I nod, turning my gaze back to the monitor. I begin to type, my fingers moving across the keys like a marionette’s. The heavy oak doors close with a soft, expensive click, leaving me alone in the oppressive grandeur of the library. The scent of Charles’s cologne lingers in the air, a phantom reminder of the silk-wrapped threats he just delivered.

I stare at the glass of amber liquid he left me. I don't touch it. Instead, my eyes drift to the corner of the primary monitor. There, hidden behind a spreadsheet of encrypted bank accounts, is a small, flickering window. A live feed from a high-security holding cell.

Deimos sits on the edge of a narrow metal cot. He is wearing a drab, gray jumpsuit that swallows the dangerous silhouette I know so well. He doesn't move. He doesn't pace. He doesn't even seem to breathe. He is like a statue carved from grief and cold stone, his head slightly bowed, his hands resting flat on his knees.

The "Arbiter," the man who rewrote the laws of the city, is now just a silent boy in a concrete box. A lump forms in my throat. I know Charles wasn't telling me the whole truth. I know the "sociopathy" he described is just the trauma he inflicted.

Deimos didn't dissect people; he dissected the corruption of a world that refused to love him. My brain is a frayed wire, sparking with exhaustion and the terror of the Elite. I look at the screen again.

I see the way his shoulders slump, just a fraction of an inch. I remember the warmth of his hand on my face in the morgue, a warmth that wasn't calculated, a warmth that was desperate.

Tears well up in my eyes, blurring the sight of his gray cell into a smear of ash. I press my trembling hand against the cool glass of the monitor, right over his bowed head. I want to scream at him to look up, to show me the fire is still there, to tell me that I haven't completely extinguished the only light he ever had.

But he remains still.

He knows that someone is watching. His silence is his final defense, a refusal to give Charles the satisfaction of seeing him break. I bite my lip to keep from sobbing out loud. I am a prisoner in a palace, and he is a prisoner in a tomb, and we are both being dismantled by the same person.

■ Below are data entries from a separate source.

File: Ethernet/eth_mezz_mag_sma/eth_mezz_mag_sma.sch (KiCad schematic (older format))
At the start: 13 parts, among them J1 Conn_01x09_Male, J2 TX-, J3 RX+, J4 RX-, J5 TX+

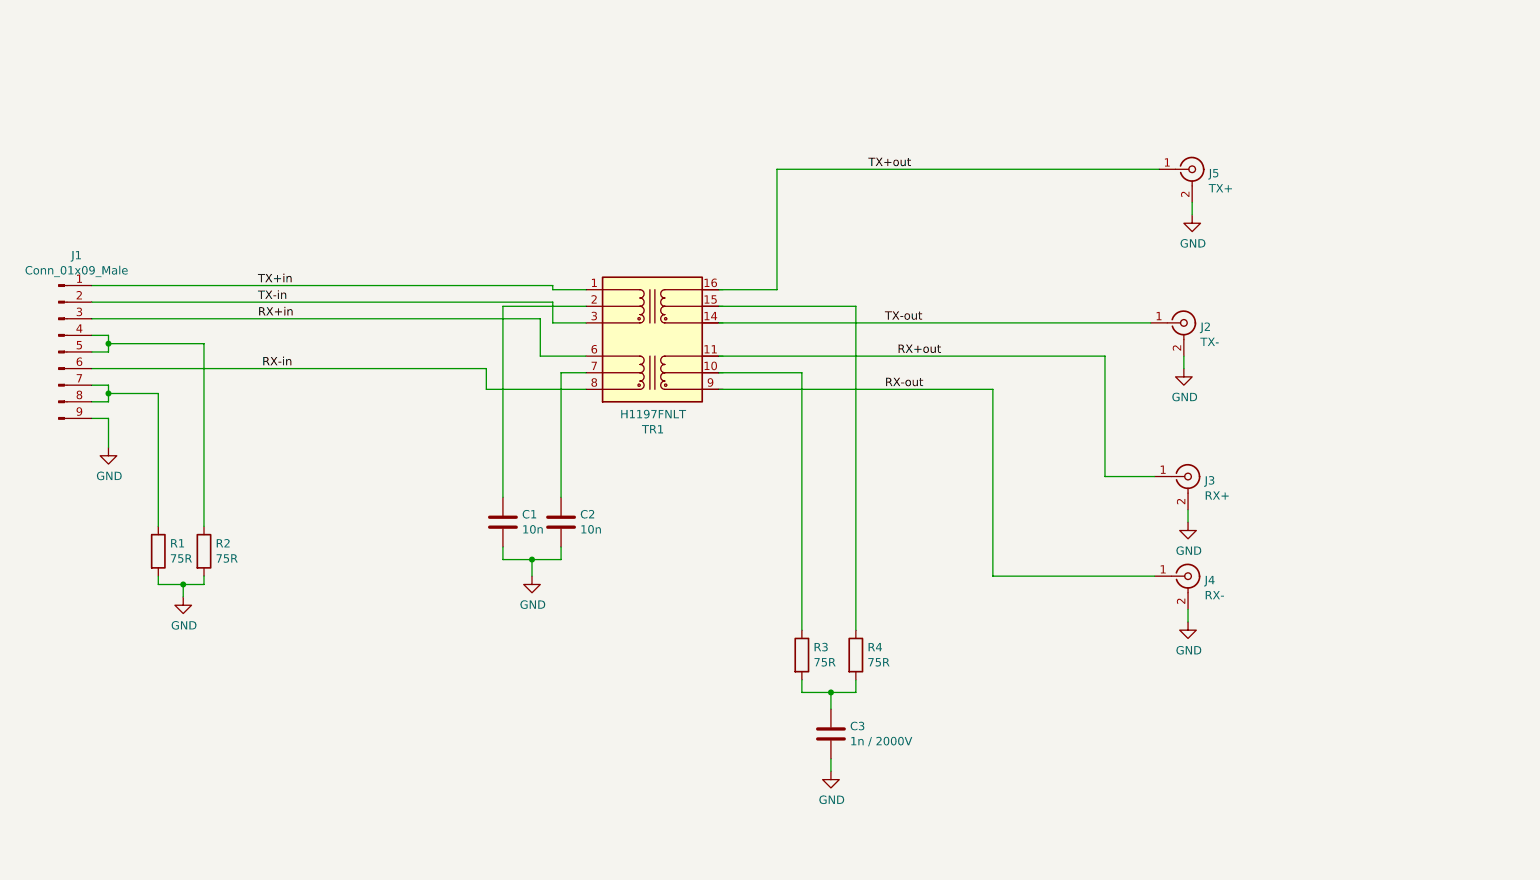
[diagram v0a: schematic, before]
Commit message: PHY module with RJ45
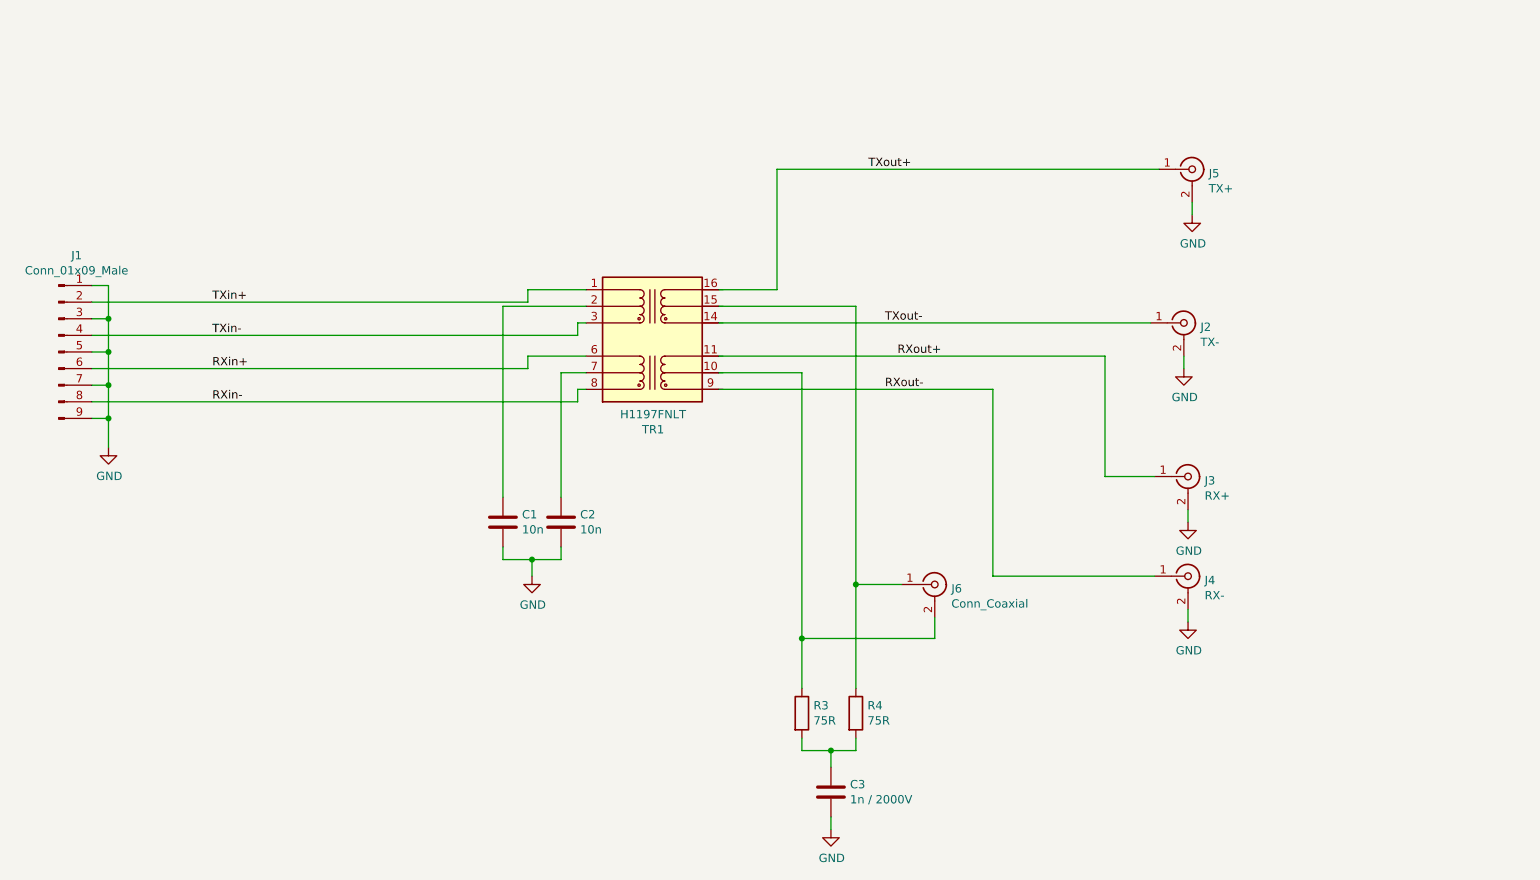
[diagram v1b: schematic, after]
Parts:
- removed R1, R2: 75R, Resistor_SMD:R_1206_3216Metric_Pad1.42x1.75mm_HandSolder, symbol Device:R
- added J6: Conn_Coaxial, Connector_Coaxial:BNC_TEConnectivity_1478204_Vertical, symbol Connector:Conn_Coaxial
- C1, C2: footprint Resistor_SMD:R_1206_3216Metric_Pad1.42x1.75mm_HandSolder -> Capacitor_SMD:C_0805_2012Metric_Pad1.18x1.45mm_HandSolder
- R3, R4: footprint Resistor_SMD:R_1206_3216Metric_Pad1.42x1.75mm_HandSolder -> Resistor_SMD:R_0805_2012Metric_Pad1.20x1.40mm_HandSolder
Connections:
- net GND: now also J1.1 (Pin_1), J1.3 (Pin_3), J1.5 (Pin_5), J1.7 (Pin_7)
- net at R3.1, TR1.10 (C_RX): now also J6.2 (Ext)
- net at R4.1, TR1.15 (C_TX): now also J6.1 (In)
- net TXin-: now reaches J1.4 (Pin_4)
- net TXin-: now also TR1.3 (TD-); no longer J1.5 (Pin_5)
- net RXin-: now reaches J1.8 (Pin_8)
- net RXin-: now also TR1.8 (RD-); no longer J1.7 (Pin_7)
- net RX+in renamed RXin+
- net RXin+: now also J1.6 (Pin_6); no longer J1.3 (Pin_3)
- net RX+out renamed RXout+
- removed net RX-in: J1.6 (Pin_6), TR1.8 (RD-)
- net RX-out renamed RXout-
- net TX+in renamed TXin+
- net TXin+: now also J1.2 (Pin_2); no longer J1.1 (Pin_1)
- net TX+out renamed TXout+
- removed net TX-in: J1.2 (Pin_2), TR1.3 (TD-)
- net TX-out renamed TXout-
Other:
- moved on the sheet: C3, R3, R4
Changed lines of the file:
@@
 L Device:R R3
 U 1 1 61BAD53E
-P 6275 4975
-F 0 "R3" H 6345 5021 50  0000 L CNN
-F 1 "75R" H 6345 4930 50  0000 L CNN
-F 2 "Resistor_SMD:R_1206_3216Metric_Pad1.42x1.75mm_HandSolder" V 6205 4975 50  0001 C CNN
-F 3 "~" H 6275 4975 50  0001 C CNN
-	1    6275 4975
+P 6275 5325
+F 0 "R3" H 6345 5371 50  0000 L CNN
+F 1 "75R" H 6345 5280 50  0000 L CNN
+F 2 "Resistor_SMD:R_0805_2012Metric_Pad1.20x1.40mm_HandSolder" V 6205 5325 50  0001 C CNN
+F 3 "~" H 6275 5325 50  0001 C CNN
+	1    6275 5325
 	1    0    0    -1
 $EndComp
@@
 L Device:R R4
 U 1 1 61BADB8B
-P 6600 4975
-F 0 "R4" H 6670 5021 50  0000 L CNN
-F 1 "75R" H 6670 4930 50  0000 L CNN
-F 2 "Resistor_SMD:R_1206_3216Metric_Pad1.42x1.75mm_HandSolder" V 6530 4975 50  0001 C CNN
-F 3 "~" H 6600 4975 50  0001 C CNN
-	1    6600 4975
+P 6600 5325
+F 0 "R4" H 6670 5371 50  0000 L CNN
+F 1 "75R" H 6670 5280 50  0000 L CNN
+F 2 "Resistor_SMD:R_0805_2012Metric_Pad1.20x1.40mm_HandSolder" V 6530 5325 50  0001 C CNN
+F 3 "~" H 6600 5325 50  0001 C CNN
+	1    6600 5325
 	1    0    0    -1
 $EndComp
@@
 L Device:C C3
 U 1 1 61BAE2C0
-P 6450 5450
-F 0 "C3" H 6565 5496 50  0000 L CNN
-F 1 "1n / 2000V" H 6565 5405 50  0000 L CNN
-F 2 "Resistor_SMD:R_1206_3216Metric_Pad1.42x1.75mm_HandSolder" H 6488 5300 50  0001 C CNN
-F 3 "~" H 6450 5450 50  0001 C CNN
-	1    6450 5450
+P 6450 5800
+F 0 "C3" H 6565 5846 50  0000 L CNN
+F 1 "1n / 2000V" H 6565 5755 50  0000 L CNN
+F 2 "Resistor_SMD:R_1206_3216Metric_Pad1.42x1.75mm_HandSolder" H 6488 5650 50  0001 C CNN
+F 3 "~" H 6450 5800 50  0001 C CNN
+	1    6450 5800
 	1    0    0    -1
 $EndComp
@@
 F 0 "C1" H 4590 4221 50  0000 L CNN
 F 1 "10n" H 4590 4130 50  0000 L CNN
-F 2 "Resistor_SMD:R_1206_3216Metric_Pad1.42x1.75mm_HandSolder" H 4513 4025 50  0001 C CNN
+F 2 "Capacitor_SMD:C_0805_2012Metric_Pad1.18x1.45mm_HandSolder" H 4513 4025 50  0001 C CNN
 F 3 "~" H 4475 4175 50  0001 C CNN
 	1    4475 4175
@@
 F 0 "C2" H 4940 4221 50  0000 L CNN
 F 1 "10n" H 4940 4130 50  0000 L CNN
-F 2 "Resistor_SMD:R_1206_3216Metric_Pad1.42x1.75mm_HandSolder" H 4863 4025 50  0001 C CNN
+F 2 "Capacitor_SMD:C_0805_2012Metric_Pad1.18x1.45mm_HandSolder" H 4863 4025 50  0001 C CNN
 F 3 "~" H 4825 4175 50  0001 C CNN
 	1    4825 4175
@@
 $EndComp
 Wire Wire Line
-	2000 2750 4775 2750
-Wire Wire Line
-	4775 2750 4775 2775
-Wire Wire Line
-	4775 2775 4975 2775
-Wire Wire Line
-	2000 2850 4775 2850
-Wire Wire Line
-	4775 2850 4775 2975
-Wire Wire Line
-	4775 2975 4975 2975
-Wire Wire Line
-	2000 2950 4700 2950
-Wire Wire Line
-	4700 2950 4700 3175
-Wire Wire Line
-	4700 3175 4975 3175
-Wire Wire Line
-	2000 3250 4375 3250
-Wire Wire Line
-	4375 3250 4375 3375
-Wire Wire Line
-	4375 3375 4975 3375
-Wire Wire Line
 	5775 2775 6125 2775
 Wire Wire Line
@@
 Wire Wire Line
 	7425 4500 8400 4500
-Wire Wire Line
-	4975 3275 4825 3275
-Wire Wire Line
-	4825 3275 4825 4025
-Wire Wire Line
-	4975 2875 4475 2875
-Wire Wire Line
-	4475 2875 4475 4025
-$Comp
-L Device:R R1
-U 1 1 61BB773B
-P 2400 4350
-F 0 "R1" H 2470 4396 50  0000 L CNN
-F 1 "75R" H 2470 4305 50  0000 L CNN
-F 2 "Resistor_SMD:R_1206_3216Metric_Pad1.42x1.75mm_HandSolder" V 2330 4350 50  0001 C CNN
-F 3 "~" H 2400 4350 50  0001 C CNN
-	1    2400 4350
-	1    0    0    -1
-$EndComp
-Wire Wire Line
-	2000 3050 2100 3050
-Wire Wire Line
-	2100 3050 2100 3100
-Wire Wire Line
-	2100 3150 2000 3150
-Wire Wire Line
-	2000 3350 2100 3350
-Wire Wire Line
-	2100 3350 2100 3400
-Wire Wire Line
-	2100 3450 2000 3450
 $Comp
 L power:GND #PWR01
@@
 Wire Wire Line
 	2000 3550 2100 3550
-Wire Wire Line
-	2100 3550 2100 3725
-Wire Wire Line
-	2400 4200 2400 3400
-Wire Wire Line
-	2400 3400 2100 3400
-Connection ~ 2100 3400
-Wire Wire Line
-	2100 3400 2100 3450
-$Comp
-L Device:R R2
-U 1 1 61BBA3B7
-P 2675 4350
-F 0 "R2" H 2745 4396 50  0000 L CNN
-F 1 "75R" H 2745 4305 50  0000 L CNN
-F 2 "Resistor_SMD:R_1206_3216Metric_Pad1.42x1.75mm_HandSolder" V 2605 4350 50  0001 C CNN
-F 3 "~" H 2675 4350 50  0001 C CNN
-	1    2675 4350
-	1    0    0    -1
-$EndComp
-Wire Wire Line
-	2675 4200 2675 3100
-Wire Wire Line
-	2675 3100 2100 3100
-Connection ~ 2100 3100
-Wire Wire Line
-	2100 3100 2100 3150
-$Comp
-L power:GND #PWR02
-U 1 1 61BBB0D3
-P 2550 4625
-F 0 "#PWR02" H 2550 4375 50  0001 C CNN
-F 1 "GND" H 2555 4452 50  0000 C CNN
-F 2 "" H 2550 4625 50  0001 C CNN
-F 3 "" H 2550 4625 50  0001 C CNN
-	1    2550 4625
-	1    0    0    -1
-$EndComp
-Wire Wire Line
-	2400 4500 2400 4550
-Wire Wire Line
-	2400 4550 2550 4550
-Wire Wire Line
-	2675 4550 2675 4500
-Connection ~ 2550 4550
-Wire Wire Line
-	2550 4550 2675 4550
-Wire Wire Line
-	2550 4550 2550 4625
 $Comp
 L power:GND #PWR03
@@
 	5775 2875 6600 2875
 Wire Wire Line
-	6600 2875 6600 4825
+	6600 2875 6600 4550
 Wire Wire Line
 	5775 3275 6275 3275
 Wire Wire Line
-	6275 3275 6275 4825
-Wire Wire Line
-	6275 5125 6275 5200
-Wire Wire Line
-	6275 5200 6450 5200
-Wire Wire Line
-	6600 5200 6600 5125
-Wire Wire Line
-	6450 5300 6450 5200
-Connection ~ 6450 5200
-Wire Wire Line
-	6450 5200 6600 5200
+	6275 3275 6275 4875
+Wire Wire Line
+	6275 5475 6275 5550
+Wire Wire Line
+	6275 5550 6450 5550
+Wire Wire Line
+	6600 5550 6600 5475
+Wire Wire Line
+	6450 5650 6450 5550
+Connection ~ 6450 5550
+Wire Wire Line
+	6450 5550 6600 5550
 $Comp
 L power:GND #PWR04
 U 1 1 61BC3E53
-P 6450 5675
-F 0 "#PWR04" H 6450 5425 50  0001 C CNN
-F 1 "GND" H 6455 5502 50  0000 C CNN
-F 2 "" H 6450 5675 50  0001 C CNN
-F 3 "" H 6450 5675 50  0001 C CNN
-	1    6450 5675
-	1    0    0    -1
-$EndComp
-Wire Wire Line
-	6450 5600 6450 5675
+P 6450 6025
+F 0 "#PWR04" H 6450 5775 50  0001 C CNN
+F 1 "GND" H 6455 5852 50  0000 C CNN
+F 2 "" H 6450 6025 50  0001 C CNN
+F 3 "" H 6450 6025 50  0001 C CNN
+	1    6450 6025
+	1    0    0    -1
+$EndComp
+Wire Wire Line
+	6450 5950 6450 6025
 $Comp
 L power:GND #PWR07
@@
 Wire Wire Line
 	8600 4700 8600 4775
-Text Label 3000 2750 0    50   ~ 0
-TX+in
-Text Label 3000 2850 0    50   ~ 0
-TX-in
-Text Label 3000 2950 0    50   ~ 0
-RX+in
-Text Label 3025 3250 0    50   ~ 0
-RX-in
+Text Label 2725 2850 0    50   ~ 0
+TXin+
+Text Label 2725 3050 0    50   ~ 0
+TXin-
+Text Label 2725 3250 0    50   ~ 0
+RXin+
+Text Label 2725 3450 0    50   ~ 0
+RXin-
 Text Label 6675 2050 0    50   ~ 0
-TX+out
+TXout+
 Text Label 6775 2975 0    50   ~ 0
-TX-out
+TXout-
 Text Label 6850 3175 0    50   ~ 0
-RX+out
+RXout+
 Text Label 6775 3375 0    50   ~ 0
-RX-out
+RXout-
+Wire Wire Line
+	2000 2850 4625 2850
+Wire Wire Line
+	4625 2850 4625 2775
+Wire Wire Line
+	4625 2775 4975 2775
+Wire Wire Line
+	2000 3050 4925 3050
+Wire Wire Line
+	4925 3050 4925 2975
+Wire Wire Line
+	4925 2975 4975 2975
+Wire Wire Line
+	2000 3250 4625 3250
+Wire Wire Line
+	4625 3250 4625 3175
+Wire Wire Line
+	4625 3175 4975 3175
+Wire Wire Line
+	2000 3450 4925 3450
+Wire Wire Line
+	4925 3450 4925 3375
+Wire Wire Line
+	4925 3375 4975 3375
+Wire Wire Line
+	4975 3275 4825 3275
+Wire Wire Line
+	4825 3275 4825 4025
+Wire Wire Line
+	4975 2875 4475 2875
+Wire Wire Line
+	4475 2875 4475 4025
+Wire Wire Line
+	2000 2750 2100 2750
+Wire Wire Line
+	2100 2750 2100 2950
+Connection ~ 2100 3550
+Wire Wire Line
+	2100 3550 2100 3725
+Wire Wire Line
+	2000 2950 2100 2950
+Connection ~ 2100 2950
+Wire Wire Line
+	2100 2950 2100 3150
+Wire Wire Line
+	2000 3150 2100 3150
+Connection ~ 2100 3150
+Wire Wire Line
+	2100 3150 2100 3350
+Wire Wire Line
+	2000 3350 2100 3350
+Connection ~ 2100 3350
+Wire Wire Line
+	2100 3350 2100 3550
+$Comp
+L Connector:Conn_Coaxial J6
+U 1 1 61BA50FC
+P 7075 4550
+F 0 "J6" H 7175 4525 50  0000 L CNN
+F 1 "Conn_Coaxial" H 7175 4434 50  0000 L CNN
+F 2 "Connector_Coaxial:BNC_TEConnectivity_1478204_Vertical" H 7075 4550 50  0001 C CNN
+F 3 " ~" H 7075 4550 50  0001 C CNN
+	1    7075 4550
+	1    0    0    -1
+$EndComp
+Wire Wire Line
+	6875 4550 6600 4550
+Connection ~ 6600 4550
+Wire Wire Line
+	6600 4550 6600 5175
+Wire Wire Line
+	7075 4750 7075 4875
+Wire Wire Line
+	7075 4875 6275 4875
+Connection ~ 6275 4875
+Wire Wire Line
+	6275 4875 6275 5175
 $EndSCHEMATC

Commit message: SomeBoardsReady
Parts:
- added H1, H2: MountingHole_Pad, MountingHole:MountingHole_3.2mm_M3_Pad_Via, symbol Mechanical:MountingHole_Pad
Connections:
- net labels added: RCT, TCT
- wire segments 60 -> 66
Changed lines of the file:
@@
 L power:GND #PWR01
 U 1 1 61BB909F
-P 2100 3725
-F 0 "#PWR01" H 2100 3475 50  0001 C CNN
-F 1 "GND" H 2105 3552 50  0000 C CNN
-F 2 "" H 2100 3725 50  0001 C CNN
-F 3 "" H 2100 3725 50  0001 C CNN
-	1    2100 3725
-	1    0    0    -1
-$EndComp
-Wire Wire Line
-	2000 3550 2100 3550
+P 2250 4000
+F 0 "#PWR01" H 2250 3750 50  0001 C CNN
+F 1 "GND" H 2255 3827 50  0000 C CNN
+F 2 "" H 2250 4000 50  0001 C CNN
+F 3 "" H 2250 4000 50  0001 C CNN
+	1    2250 4000
+	1    0    0    -1
+$EndComp
 $Comp
 L power:GND #PWR03
@@
 RXout-
 Wire Wire Line
-	2000 2850 4625 2850
-Wire Wire Line
-	4625 2850 4625 2775
-Wire Wire Line
-	4625 2775 4975 2775
-Wire Wire Line
-	2000 3050 4925 3050
-Wire Wire Line
-	4925 3050 4925 2975
-Wire Wire Line
-	4925 2975 4975 2975
-Wire Wire Line
-	2000 3250 4625 3250
-Wire Wire Line
-	4625 3250 4625 3175
-Wire Wire Line
-	4625 3175 4975 3175
-Wire Wire Line
-	2000 3450 4925 3450
-Wire Wire Line
-	4925 3450 4925 3375
-Wire Wire Line
-	4925 3375 4975 3375
+	2000 2850 4075 2850
+Wire Wire Line
+	4075 2850 4075 2775
+Wire Wire Line
+	4075 2775 4975 2775
+Wire Wire Line
+	2000 3050 4075 3050
+Wire Wire Line
+	4075 3050 4075 2975
+Wire Wire Line
+	4075 2975 4975 2975
+Wire Wire Line
+	2000 3250 4075 3250
+Wire Wire Line
+	4075 3250 4075 3175
+Wire Wire Line
+	4075 3175 4975 3175
+Wire Wire Line
+	2000 3450 4075 3450
+Wire Wire Line
+	4075 3450 4075 3375
+Wire Wire Line
+	4075 3375 4975 3375
 Wire Wire Line
 	4975 3275 4825 3275
@@
 	4475 2875 4475 4025
 Wire Wire Line
-	2000 2750 2100 2750
-Wire Wire Line
-	2100 2750 2100 2950
-Connection ~ 2100 3550
-Wire Wire Line
-	2100 3550 2100 3725
-Wire Wire Line
-	2000 2950 2100 2950
-Connection ~ 2100 2950
-Wire Wire Line
-	2100 2950 2100 3150
-Wire Wire Line
-	2000 3150 2100 3150
-Connection ~ 2100 3150
-Wire Wire Line
-	2100 3150 2100 3350
-Wire Wire Line
-	2000 3350 2100 3350
-Connection ~ 2100 3350
-Wire Wire Line
-	2100 3350 2100 3550
+	2000 2750 2175 2750
+Wire Wire Line
+	2000 2950 2250 2950
+Wire Wire Line
+	2250 2950 2250 3150
+Wire Wire Line
+	2000 3150 2250 3150
+Connection ~ 2250 3150
+Wire Wire Line
+	2250 3150 2250 3350
+Wire Wire Line
+	2000 3350 2250 3350
+Connection ~ 2250 3350
 $Comp
 L Connector:Conn_Coaxial J6
@@
 Wire Wire Line
 	6275 4875 6275 5175
+Text Label 4475 2875 0    50   ~ 0
+TCT
+Text Label 4825 3275 0    50   ~ 0
+RCT
+Text Label 2175 2750 2    50   ~ 0
+TCT
+Wire Wire Line
+	2250 3350 2250 3825
+Wire Wire Line
+	2000 3550 2200 3550
+Text Label 2200 3550 2    50   ~ 0
+RCT
+$Comp
+L power:PWR_FLAG #FLG0101
+U 1 1 61BC2B9D
+P 2575 3700
+F 0 "#FLG0101" H 2575 3775 50  0001 C CNN
+F 1 "PWR_FLAG" H 2575 3873 50  0000 C CNN
+F 2 "" H 2575 3700 50  0001 C CNN
+F 3 "~" H 2575 3700 50  0001 C CNN
+	1    2575 3700
+	1    0    0    -1
+$EndComp
+Wire Wire Line
+	2575 3700 2575 3825
+Wire Wire Line
+	2575 3825 2250 3825
+Connection ~ 2250 3825
+Wire Wire Line
+	2250 3825 2250 4000
+$Comp
+L Mechanical:MountingHole_Pad H2
+U 1 1 61BCB346
+P 10050 1700
+F 0 "H2" H 10150 1749 50  0000 L CNN
+F 1 "MountingHole_Pad" H 10150 1658 50  0000 L CNN
+F 2 "MountingHole:MountingHole_3.2mm_M3_Pad_Via" H 10050 1700 50  0001 C CNN
+F 3 "~" H 10050 1700 50  0001 C CNN
+	1    10050 1700
+	1    0    0    -1
+$EndComp
+$Comp
+L Mechanical:MountingHole_Pad H1
+U 1 1 61BCB6A3
+P 9200 1700
+F 0 "H1" H 9300 1749 50  0000 L CNN
+F 1 "MountingHole_Pad" H 9300 1658 50  0000 L CNN
+F 2 "MountingHole:MountingHole_3.2mm_M3_Pad_Via" H 9200 1700 50  0001 C CNN
+F 3 "~" H 9200 1700 50  0001 C CNN
+	1    9200 1700
+	1    0    0    -1
+$EndComp
+$Comp
+L power:GND #PWR02
+U 1 1 61BCBDE5
+P 9600 2100
+F 0 "#PWR02" H 9600 1850 50  0001 C CNN
+F 1 "GND" H 9605 1927 50  0000 C CNN
+F 2 "" H 9600 2100 50  0001 C CNN
+F 3 "" H 9600 2100 50  0001 C CNN
+	1    9600 2100
+	1    0    0    -1
+$EndComp
+Wire Wire Line
+	9200 1800 9200 1925
+Wire Wire Line
+	9200 1925 9600 1925
+Wire Wire Line
+	10050 1925 10050 1800
+Wire Wire Line
+	9600 2100 9600 1925
+Connection ~ 9600 1925
+Wire Wire Line
+	9600 1925 10050 1925
 $EndSCHEMATC

I turn my gaze back to the files, my vision distorted by the salt in my eyes. I have to keep working. I have to find the safety Charles promised, even if the price is my soul. But every time I click a key, it feels like another brick being added to the wall between us.

I am saving Lucy. I am saving myself. So why does it feel like I am the one who is dying?

I stare at the monitor, my fingers hovering over the keys as the decryption bar flickers one last time. The data waterfall slows, settling into a series of deeply buried system folders. My eyes are heavy, my mind a blurred landscape of guilt and exhaustion.

But then, a notification pops up in the corner of the screen.

It is an icon I haven't seen before. A plain, black envelope with no sender address, no subject line. It is an anonymous relay, buried three layers deep within Charles’s private administrative server.

My heart stutters.

I click it.

The email is short. It is a logistical confirmation, written in the cold, detached language of a business transaction.

TRANSFERS CONFIRMED.

“Subject Alpha (M.E.) and Subject Beta (L.H.) are currently in phase one stabilization. Full psychological integration expected within 90 days. Upon completion, both assets will be delivered to the Inner Circle for 'private recreation and experimental utility.' Initial bid accepted. Payment held in escrow.”

The room goes ice-cold. The air is sucked out of my lungs as if the library has suddenly lost its atmosphere.